Zanthoxylum nitidum, commonly known as shiny-leaf prickly-ash, is a species of flowering plant in the family Rutaceae. It is a woody climber with prickles on the branchlets, thick, cone-shaped spines on the trunk and older branches, pinnate leaves with five to nine leaflets, and panicles or racemes of white to pale yellow, male or female flowers in leaf axils and on the ends of branchlets.

==Description==
Zanthoxylum nitidum is a woody climber with curved prickles on the branchlets and thick, cone-shaped spines on the trunk and older branches. The leaves are pinnate, 100–340 mm long with five to nine egg-shaped to elliptical leaflets. The leaflets are 45–100 mm long and 20–50 mm wide, the side leaflets sessile or on a petiolule up to 3 mm long and the end leaflet on a petiolule 7–40 mm long. The flowers are arranged in leaf axils or on the ends of branchlets in panicles or racemes up to 80 mm long, each flower on a pedicel 1–1.5 mm long. The four sepals are 0.5–0.8 mm long and the four petals white or pale yellow, and 2–3 mm long. The flowers are either functionally male or female, the male flowers with four stamens about 3.5 mm long and four sterile, finger-like carpels. The female flowers lack stamens and have four carpels 1.5–2 mm long. Flowering occurs from September to October and the fruit is a more or less spherical, red or brown follicle 5–7 mm long.

==Taxonomy==
Shiny-leaf prickly-ash was first formally described in 1824 by William Roxburgh who gave it the name Fagara nitida and published the description in Flora Indica, or, descriptions of Indian plants. In 1824, de Candolle changed the name to Zanthoxylum nitidum in his book, Prodromus Systematis Naturalis Regni Vegetabilis.

==Distribution==
Zanthoxylum nitidum is found in India, South China, southeast Asia, and northern Australia. In Australia it grows in rainforest from sea level to an altitude of 400 m from the Daintree River south to Rockingham Bay.

==Uses==
Zanxthoxylum nitidum is used as an insecticide and a piscicide.

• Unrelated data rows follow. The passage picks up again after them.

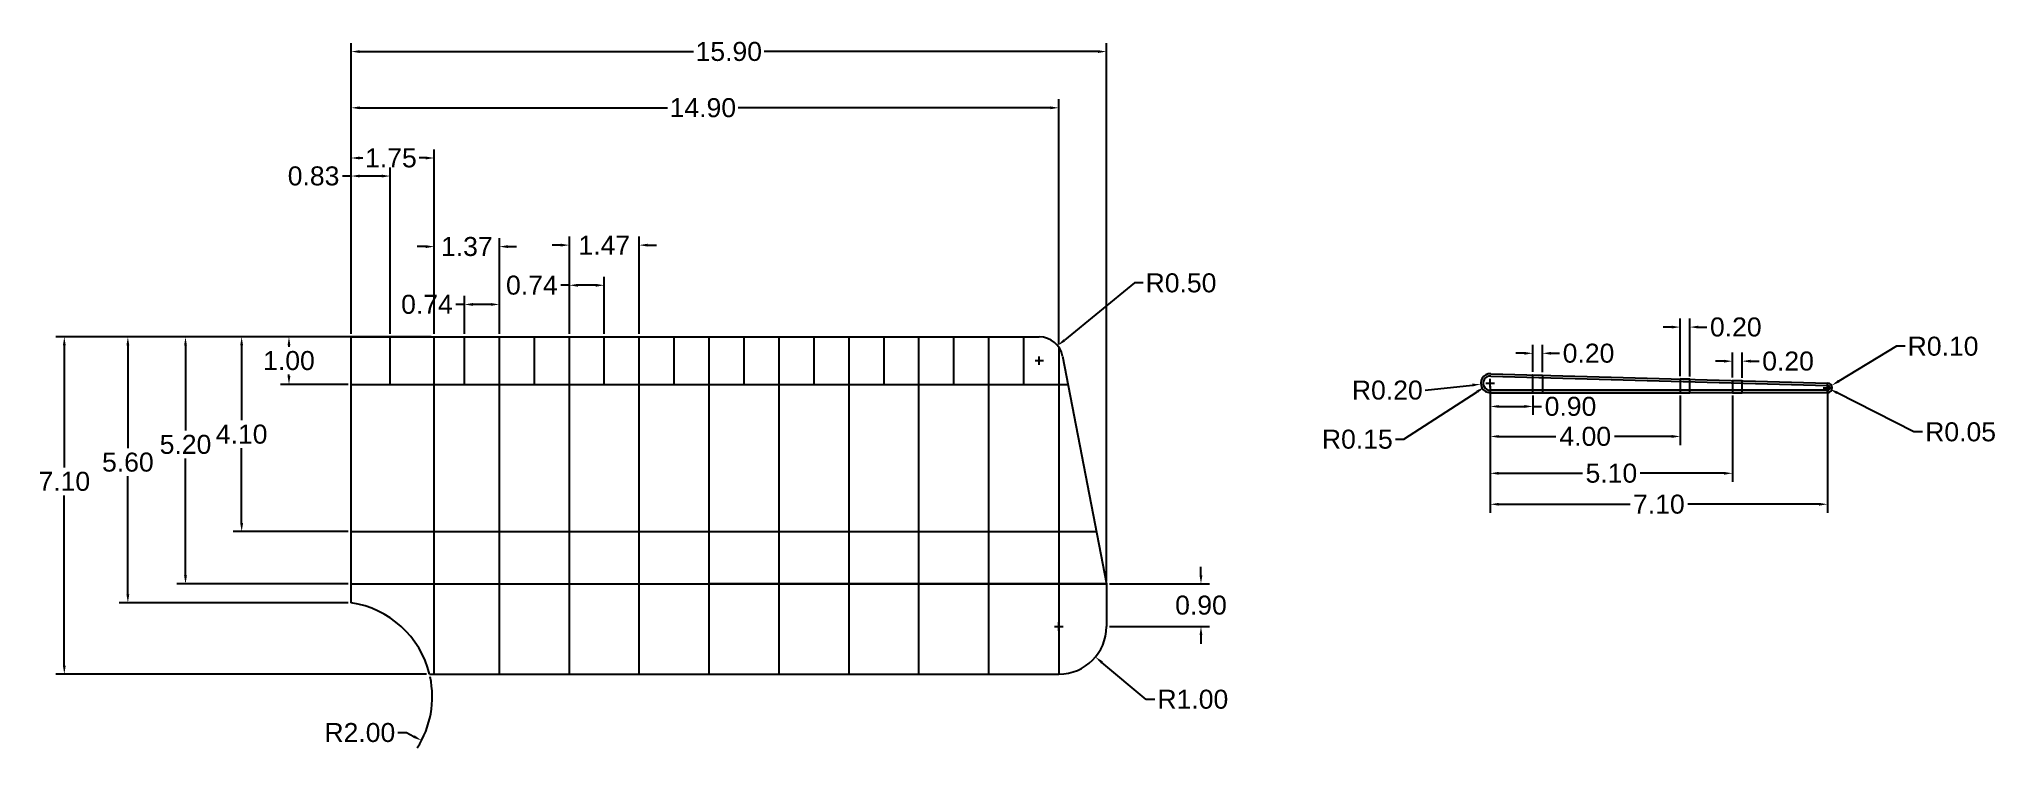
# Model space of a CAD drawing. Header units: inches. Extents: x 12.1 to 53.2, y 5 to 20.
import ezdxf

# ---------------------------------------------------------------- set-up
doc = ezdxf.new("R2010")
doc.units = ezdxf.units.IN
doc.header["$MEASUREMENT"] = 0
doc.linetypes.add('CENTER2', pattern=[1.125, 0.75, -0.125, 0.125, -0.125])
for name, color, linetype in [('Cadru', 1, 'Continuous'), ('Cotare', 40, 'Continuous'), ('Suporti_Longitudinali', 130, 'Continuous'), ('Suporti_Mici_Logintudinali', 6, 'Continuous'), ('Suporti_Transversali', 3, 'Continuous'), ('Suporți_Longitudinali', 4, 'Continuous'), ('Suporți_Transversali', 3, 'Continuous')]:
    doc.layers.add(name, color=color, linetype=linetype)
doc.styles.get("Standard").update_dxf_attribs({"font": 'arial.ttf'})
doc.dimstyles.get("Standard").update_dxf_attribs({"dimtxt": 0.18, "dimasz": 0.18, "dimexe": 0.18, "dimexo": 0.0625, "dimgap": 0.09, "dimtad": 0, "dimtih": 1, "dimtoh": 1, "dimdec": 4, "dimzin": 0, "dimdsep": 46, "dimtxsty": 'Standard', "dimcen": 0.09, "dimadec": 0, "dimazin": 0, "dimtfac": 1, "dimtdec": 4, "dimtofl": 0, "dimtmove": 0, "dimatfit": 3, "dimfxl": 1, "dimtolj": 1, "dimtzin": 0, "dimarcsym": 0})

# ---------------------------------------------------------------- blocks, each defined once
blk = doc.blocks.new('*D25')
at = {"layer": 'Cotare', "color": 0, "lineweight": -2, "transparency": 16777216}
for p, q in [((18.565, 13.69), (13.749, 13.69)), ((13.929, 13.51), (13.929, 11.346)), ((13.929, 8.27), (13.929, 10.757)), ((18.565, 8.09), (13.749, 8.09))]:
    blk.add_line(p, q, dxfattribs=at)
at = {"layer": 'Cotare', "color": 0, "transparency": 16777216}
for points in [[(13.899, 13.51), (13.959, 13.51), (13.929, 13.69)], [(13.899, 8.27), (13.959, 8.27), (13.929, 8.09)]]:
    blk.add_solid(points, dxfattribs=at)
at = {"layer": 'Defpoints', "color": 0, "transparency": 16777216}
for p in [(13.929, 13.69), (18.628, 13.69), (18.628, 8.09)]:
    blk.add_point(p, dxfattribs=at)
at = {"layer": 'Cotare', "color": 0, "transparency": 16777216, "insert": (13.929, 11.051), "char_height": 0.4, "attachment_point": 5}
blk.add_mtext('\\A1;5.60', dxfattribs=at)
blk = doc.blocks.new('*D26')
at = {"layer": 'Cotare', "color": 0, "lineweight": -2, "transparency": 16777216}
for p, q in [((18.565, 13.69), (14.962, 13.69)), ((15.142, 13.51), (15.142, 11.719)), ((15.142, 8.67), (15.142, 11.13)), ((18.565, 8.49), (14.962, 8.49))]:
    blk.add_line(p, q, dxfattribs=at)
at = {"layer": 'Cotare', "color": 0, "transparency": 16777216}
for points in [[(15.112, 13.51), (15.172, 13.51), (15.142, 13.69)], [(15.112, 8.67), (15.172, 8.67), (15.142, 8.49)]]:
    blk.add_solid(points, dxfattribs=at)
at = {"layer": 'Defpoints', "color": 0, "transparency": 16777216}
for p in [(15.142, 13.69), (18.628, 13.69), (18.628, 8.49)]:
    blk.add_point(p, dxfattribs=at)
at = {"layer": 'Cotare', "color": 0, "transparency": 16777216, "insert": (15.142, 11.425), "char_height": 0.4, "attachment_point": 5}
blk.add_mtext('\\A1;5.20', dxfattribs=at)
blk = doc.blocks.new('*D27')
at = {"layer": 'Cotare', "color": 0, "lineweight": -2, "transparency": 16777216}
for p, q in [((18.565, 13.69), (16.144, 13.69)), ((16.324, 13.51), (16.324, 11.934)), ((16.324, 9.77), (16.324, 11.346)), ((18.565, 9.59), (16.144, 9.59))]:
    blk.add_line(p, q, dxfattribs=at)
at = {"layer": 'Cotare', "color": 0, "transparency": 16777216}
for points in [[(16.294, 13.51), (16.354, 13.51), (16.324, 13.69)], [(16.294, 9.77), (16.354, 9.77), (16.324, 9.59)]]:
    blk.add_solid(points, dxfattribs=at)
at = {"layer": 'Defpoints', "color": 0, "transparency": 16777216}
for p in [(16.324, 13.69), (18.628, 13.69), (18.628, 9.59)]:
    blk.add_point(p, dxfattribs=at)
at = {"layer": 'Cotare', "color": 0, "transparency": 16777216, "insert": (16.324, 11.64), "char_height": 0.4, "attachment_point": 5}
blk.add_mtext('\\A1;4.10', dxfattribs=at)
blk = doc.blocks.new('*D28')
at = {"layer": 'Cotare', "color": 0, "lineweight": -2, "transparency": 16777216}
for p, q in [((18.565, 13.69), (17.14, 13.69)), ((17.32, 13.51), (17.32, 13.484)), ((17.32, 12.87), (17.32, 12.896)), ((18.565, 12.69), (17.14, 12.69))]:
    blk.add_line(p, q, dxfattribs=at)
at = {"layer": 'Cotare', "color": 0, "transparency": 16777216}
for points in [[(17.29, 13.51), (17.35, 13.51), (17.32, 13.69)], [(17.29, 12.87), (17.35, 12.87), (17.32, 12.69)]]:
    blk.add_solid(points, dxfattribs=at)
at = {"layer": 'Defpoints', "color": 0, "transparency": 16777216}
for p in [(17.32, 13.69), (18.628, 13.69), (18.628, 12.69)]:
    blk.add_point(p, dxfattribs=at)
at = {"layer": 'Cotare', "color": 0, "transparency": 16777216, "insert": (17.32, 13.19), "char_height": 0.4, "attachment_point": 5}
blk.add_mtext('\\A1;1.00', dxfattribs=at)
blk = doc.blocks.new('*D29')
at = {"layer": 'Cotare', "color": 0, "lineweight": -2, "transparency": 16777216}
for p, q in [((20.315, 13.69), (12.411, 13.69)), ((12.591, 13.51), (12.591, 10.941)), ((12.591, 6.77), (12.591, 10.353)), ((20.215, 6.59), (12.411, 6.59))]:
    blk.add_line(p, q, dxfattribs=at)
at = {"layer": 'Cotare', "color": 0, "transparency": 16777216}
for points in [[(12.561, 13.51), (12.621, 13.51), (12.591, 13.69)], [(12.561, 6.77), (12.621, 6.77), (12.591, 6.59)]]:
    blk.add_solid(points, dxfattribs=at)
at = {"layer": 'Defpoints', "color": 0, "transparency": 16777216}
for p in [(12.591, 13.69), (20.378, 13.69), (20.278, 6.59)]:
    blk.add_point(p, dxfattribs=at)
at = {"layer": 'Cotare', "color": 0, "transparency": 16777216, "insert": (12.591, 10.647), "char_height": 0.4, "attachment_point": 5}
blk.add_mtext('\\A1;7.10', dxfattribs=at)
blk = doc.blocks.new('*D30')
at = {"layer": 'Cotare', "color": 0, "lineweight": -2, "transparency": 16777216}
for p, q in [((18.628, 13.753), (18.628, 18.695)), ((33.528, 13.534), (33.528, 18.695)), ((18.808, 18.515), (25.287, 18.515)), ((33.348, 18.515), (26.778, 18.515))]:
    blk.add_line(p, q, dxfattribs=at)
at = {"layer": 'Cotare', "color": 0, "transparency": 16777216}
for points in [[(18.808, 18.545), (18.808, 18.485), (18.628, 18.515)], [(33.348, 18.545), (33.348, 18.485), (33.528, 18.515)]]:
    blk.add_solid(points, dxfattribs=at)
at = {"layer": 'Defpoints', "color": 0, "transparency": 16777216}
for p in [(33.528, 18.515), (18.628, 13.69), (33.528, 13.472)]:
    blk.add_point(p, dxfattribs=at)
at = {"layer": 'Cotare', "color": 0, "transparency": 16777216, "insert": (26.033, 18.515), "char_height": 0.4, "attachment_point": 5}
blk.add_mtext('\\A1;14.90', dxfattribs=at)
blk = doc.blocks.new('*U22')
at = {"layer": 'Cotare', "color": 0, "linetype": 'Continuous', "transparency": 16777216}
for p, q in [((-0.05, 0), (0.05, 0)), ((0, -0.05), (0, 0.05))]:
    blk.add_line(p, q, dxfattribs=at)
blk = doc.blocks.new('*D23')
at = {"layer": 'Cotare', "color": 0, "lineweight": -2, "transparency": 16777216}
for p, q in [((18.628, 13.753), (18.628, 17.638)), ((18.808, 17.458), (18.874, 17.458)), ((20.198, 17.458), (20.058, 17.458)), ((20.378, 13.753), (20.378, 17.638))]:
    blk.add_line(p, q, dxfattribs=at)
at = {"layer": 'Cotare', "color": 0, "transparency": 16777216}
for points in [[(18.808, 17.488), (18.808, 17.428), (18.628, 17.458)], [(20.198, 17.488), (20.198, 17.428), (20.378, 17.458)]]:
    blk.add_solid(points, dxfattribs=at)
at = {"layer": 'Defpoints', "color": 0, "transparency": 16777216}
for p in [(20.378, 17.458), (18.628, 13.69), (20.378, 13.69)]:
    blk.add_point(p, dxfattribs=at)
at = {"layer": 'Cotare', "color": 0, "transparency": 16777216, "insert": (19.466, 17.458), "char_height": 0.4, "attachment_point": 5}
blk.add_mtext('\\A1;1.75', dxfattribs=at)
blk = doc.blocks.new('*D31')
at = {"layer": 'Cotare', "color": 0, "lineweight": -2, "transparency": 16777216}
for p, q in [((20.378, 13.753), (20.378, 15.772)), ((21.75, 13.753), (21.75, 15.772)), ((20.198, 15.592), (20.018, 15.592)), ((21.93, 15.592), (22.11, 15.592))]:
    blk.add_line(p, q, dxfattribs=at)
at = {"layer": 'Cotare', "color": 0, "transparency": 16777216}
for points in [[(20.198, 15.622), (20.198, 15.562), (20.378, 15.592)], [(21.93, 15.622), (21.93, 15.562), (21.75, 15.592)]]:
    blk.add_solid(points, dxfattribs=at)
at = {"layer": 'Defpoints', "color": 0, "transparency": 16777216}
for p in [(21.75, 15.592), (20.378, 13.69), (21.75, 13.69)]:
    blk.add_point(p, dxfattribs=at)
at = {"layer": 'Cotare', "color": 0, "transparency": 16777216, "insert": (21.064, 15.592), "char_height": 0.4, "attachment_point": 5}
blk.add_mtext('\\A1;1.37', dxfattribs=at)
blk = doc.blocks.new('*D32')
at = {"layer": 'Cotare', "color": 0, "lineweight": -2, "transparency": 16777216}
for p, q in [((36.518, 8.67), (36.518, 8.85)), ((34.59, 8.49), (36.698, 8.49)), ((34.59, 7.59), (36.698, 7.59)), ((36.518, 7.41), (36.518, 7.23))]:
    blk.add_line(p, q, dxfattribs=at)
at = {"layer": 'Cotare', "color": 0, "transparency": 16777216}
for points in [[(36.488, 8.67), (36.548, 8.67), (36.518, 8.49)], [(36.488, 7.41), (36.548, 7.41), (36.518, 7.59)]]:
    blk.add_solid(points, dxfattribs=at)
at = {"layer": 'Defpoints', "color": 0, "transparency": 16777216}
for p in [(34.528, 8.49), (34.528, 7.59), (36.518, 7.59)]:
    blk.add_point(p, dxfattribs=at)
at = {"layer": 'Cotare', "color": 0, "transparency": 16777216, "insert": (36.518, 8.04), "char_height": 0.4, "attachment_point": 5}
blk.add_mtext('\\A1;0.90', dxfattribs=at)
blk = doc.blocks.new('*D33')
at = {"layer": 'Cotare', "color": 0, "lineweight": -2, "transparency": 16777216}
for p, q in [((35.118, 14.826), (33.642, 13.62)), ((35.298, 14.826), (35.118, 14.826)), ((33.025, 13.19), (33.205, 13.19)), ((33.115, 13.1), (33.115, 13.28))]:
    blk.add_line(p, q, dxfattribs=at)
at = {"layer": 'Cotare', "color": 0, "transparency": 16777216}
blk.add_solid([(33.623, 13.643), (33.661, 13.597), (33.502, 13.506)], dxfattribs=at)
at = {"layer": 'Defpoints', "color": 0, "transparency": 16777216}
for p in [(33.115, 13.19), (33.502, 13.506)]:
    blk.add_point(p, dxfattribs=at)
at = {"layer": 'Cotare', "color": 0, "transparency": 16777216, "insert": (36.098, 14.826), "char_height": 0.4, "attachment_point": 5}
blk.add_mtext('\\A1;R0.50', dxfattribs=at)
blk = doc.blocks.new('*D34')
at = {"layer": 'Cotare', "color": 0, "lineweight": -2, "transparency": 16777216}
for p, q in [((33.438, 7.59), (33.618, 7.59)), ((33.528, 7.5), (33.528, 7.68)), ((35.367, 6.058), (34.434, 6.835)), ((35.547, 6.058), (35.367, 6.058))]:
    blk.add_line(p, q, dxfattribs=at)
at = {"layer": 'Cotare', "color": 0, "transparency": 16777216}
blk.add_solid([(34.454, 6.858), (34.415, 6.812), (34.296, 6.95)], dxfattribs=at)
at = {"layer": 'Defpoints', "color": 0, "transparency": 16777216}
for p in [(33.528, 7.59), (34.296, 6.95)]:
    blk.add_point(p, dxfattribs=at)
at = {"layer": 'Cotare', "color": 0, "transparency": 16777216, "insert": (36.347, 6.058), "char_height": 0.4, "attachment_point": 5}
blk.add_mtext('\\A1;R1.00', dxfattribs=at)
blk = doc.blocks.new('*D35')
at = {"layer": 'Cotare', "color": 0, "lineweight": -2, "transparency": 16777216}
for p, q in [((23.222, 13.753), (23.222, 15.803)), ((24.694, 13.753), (24.694, 15.803)), ((23.042, 15.623), (22.862, 15.623)), ((24.874, 15.623), (25.054, 15.623))]:
    blk.add_line(p, q, dxfattribs=at)
at = {"layer": 'Cotare', "color": 0, "transparency": 16777216}
for points in [[(23.042, 15.653), (23.042, 15.593), (23.222, 15.623)], [(24.874, 15.653), (24.874, 15.593), (24.694, 15.623)]]:
    blk.add_solid(points, dxfattribs=at)
at = {"layer": 'Defpoints', "color": 0, "transparency": 16777216}
for p in [(24.694, 15.623), (23.222, 13.69), (24.694, 13.69)]:
    blk.add_point(p, dxfattribs=at)
at = {"layer": 'Cotare', "color": 0, "transparency": 16777216, "insert": (23.958, 15.623), "char_height": 0.4, "attachment_point": 5}
blk.add_mtext('\\A1;1.47', dxfattribs=at)
blk = doc.blocks.new('*D36')
at = {"layer": 'Cotare', "color": 0, "lineweight": -2, "transparency": 16777216}
for p, q in [((19.612, 5.357), (19.792, 5.357)), ((19.792, 5.357), (19.952, 5.274))]:
    blk.add_line(p, q, dxfattribs=at)
blk.add_arc((18.336, 6.112), 2, 327.4515, 12.0543, dxfattribs=at)
at = {"layer": 'Cotare', "color": 0, "transparency": 16777216}
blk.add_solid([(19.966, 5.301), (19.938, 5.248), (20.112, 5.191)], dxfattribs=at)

In India and Nepal, the fruits are used as a condiment. However, the roots, leaves and fruit are poisonous, with as little as 40g of leaves considered to be a lethal dose.

==Chemical constituents==
The plant contains the chemical compounds nitidine, toddalolactone, and chelerythrine.

The essential oil, at least from some varieties, contains limonene and geraniol.